More than 100 people have been killed in intercommunal violence in Nigeria. “Land grabbing and political and economic tensions between local "indigenes" and those considered outsiders, as well as the influx of hardline Muslim and Christian preachers, have heightened divisions in recent decades.”
At least 300 people have been killed and more than 3,000 injured in Mozambique during a post election crackdown that has taken place over the last three months.
Middle East
The US is considering a “civilian nuclear cooperation deal” with Saudi Arabia—without requiring Israeli normalization.
In a sign of increasing government control and the weakening of Hezbollah, Lebanon has detained suspects following rocket attacks against Israel.
The US State Department warns “of ‘potential’ imminent attacks in Syria” and against travel to the country. On a positive note, Easter services were celebrated peacefully. This is considered an “early test of the new government.”
Iran
The US and Iran started a new round of nuclear talks in Rome. According to an Israeli official and two other people “familiar with the matter”, Israel has still not ruled out a strike on Iran’s nuclear facilities. It appears that the US is negotiating for a deal similar to the JCPOA negotiated during President Obama’s second term. Israel’s preference is for the nuclear enrichment facilities to be destroyed. A third round of talks is scheduled for the 26th of April in Oman.
Israel planned to strike Iranian nuclear program sites several times since October, but was blocked by Trump, who ultimately decided to pursue negotiations.
Gaza
Egypt tried to mediate Israel/Hamas talks, but Hamas rejected a ceasefire deal, which required the group to disarm. Now Hamas is sending a delegation to Qatar to continue talks, and Israel says it will keep a Gaza buffer zone.
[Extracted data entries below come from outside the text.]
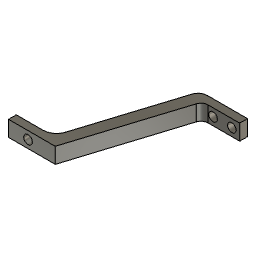
ヘイロー_ジョイント_mk1 v2 (Autodesk Fusion 360 archive; units mm, degrees)
design "ヘイロー　ジョイント　アクリル"
Autodesk Fusion 360 part; units mm, degrees
sketch "スケッチ1" plane through (0, 0, 0) normal (0, 0, 1) x (1, 0, 0)
  line L0 (25, 10) -> (44.6738, 72.577)
  line L1 (0, 0) -> (29.8739, 0)
  line L2 (75.9944, 76.7775) -> (71.9944, 76.7775)
  line L3 (50.3976, 76.7775) -> (57.9944, 76.7775)
  line L4 (75.9944, 76.7775) -> (75.9944, 71.7775)
  line L5 (75.9944, 71.7775) -> (55.7427, 71.7775)
  line L6 (51.4498, 68.6271) -> (29.8739, 0)
  line L7 (0, 0) -> (0, 5)
  line L8 (0, 5) -> (11.5, 5)
  line L9 (13.5, 5) -> (17.1902, 5)
  line L10 (25, 10) -> (25.2989, 10.9507)
  arc A0 (55.7427, 71.7775) -> (51.4498, 68.6271) centre (55.7427, 67.2775) ccw
  arc A1 (50.3976, 76.7775) -> (44.6738, 72.577) centre (50.3976, 70.7775) ccw
  arc A2 (17.1902, 5) -> (25.2989, 10.9507) centre (17.1902, 13.5) ccw
  line L11 (11.5, 5) -> (13.5, 5)
  line L12 (57.9944, 76.7775) -> (71.9944, 76.7775)
  point P0 (45.9944, 76.7775)
  dimension "d3" = 70
  dimension "d4" = 30
  dimension "d7" = 4
  dimension "d18" = 5
  dimension "d19" = 11.5
  dimension "d22" = 4.5
  dimension "d23" = 6
  dimension "d24" = 8.5
  constraint coincident L1.start L7.start
  constraint perpendicular L2 L4
  constraint perpendicular L4 L5
  constraint perpendicular L1 L7
  constraint perpendicular L7 L8
  constraint parallel L0 L10
  constraint tangent L6 A0
  constraint tangent L5 A0
  constraint coincident P0 L0
  constraint coincident P0 L3
  constraint tangent L0 A1
  constraint tangent L3 A1
  constraint tangent L10 A2
  constraint tangent L9 A2
  constraint parallel L9 L11
  constraint parallel L2 L12
  measures "d3" distance of L0.start P0
  measures "d4" distance of P0 L2.start
  measures "d7" distance of L2.start L2.end
  measures "d18" distance of L2.start L4.end
  measures "d19" distance of L7.end L8.end
  measures "d22" radius of A0
  measures "d23" radius of A1
  measures "d24" radius of A2
extrude "押し出し1" add sketch "スケッチ1" along normal blind 10 makes body 1
sketch "スケッチ2" plane through (0, 76.7775, 0) normal (0, 1, 0) x (-1, 0, 0)
  line L0 (-69.9944, 0) -> (-59.9944, 0)
  line L1 (-59.9944, 0) -> (-59.9944, 10)
  line L2 (-59.9944, 10) -> (-69.9944, 10)
  line L3 (-69.9944, 10) -> (-69.9944, 0)
  circle A0 centre (-71, 5) radius 2.75
  circle A1 centre (-59, 5) radius 2.75
  circle A2 centre (-12.5, 5) radius 2.75
  dimension "d31" = 5.5
  dimension "d32" = 5.5
  dimension "d33" = 5.5
  measures "d31" diameter of A0
  measures "d32" diameter of A1
  measures "d33" diameter of A2
extrude "押し出し2" add sketch "スケッチ1" along normal blind 10 separate body makes body 2
extrude "押し出し3" cut sketch "スケッチ2" against normal blind 105 contours L3 A0 | L3 A0 | L1 A1 | L1 A1 | A2 bodies 1 2
combine "結合1" operation add target body 1 tool bodies 2

The chances of success are considered very low.
Yemen
The US continues strikes on the Houthis in Yemen, attacking a “key oil terminal on Yemen’s Red Sea coast” and killing “74 people and injuring 171 others”, according to the ministry of health. The US claims that Chinese satellites are providing links to help the Houthis target U.S. warships and international vessels in the Red Sea, though the Chinese satellite company denies the allegations. Preparations continue for a possible ground attack against the port of Hodeidah by Yemeni government forces backed by US air power.
Weird
A Russian "Doomsday" radio station UVB-76 broadcast four words in Russian over 24 hours. Russia Today ( Russian state media) reports that the station "usually [broadcasts] static but sends coded alerts pre-major events". Forecasters thought this was interesting but ultimately not worrying.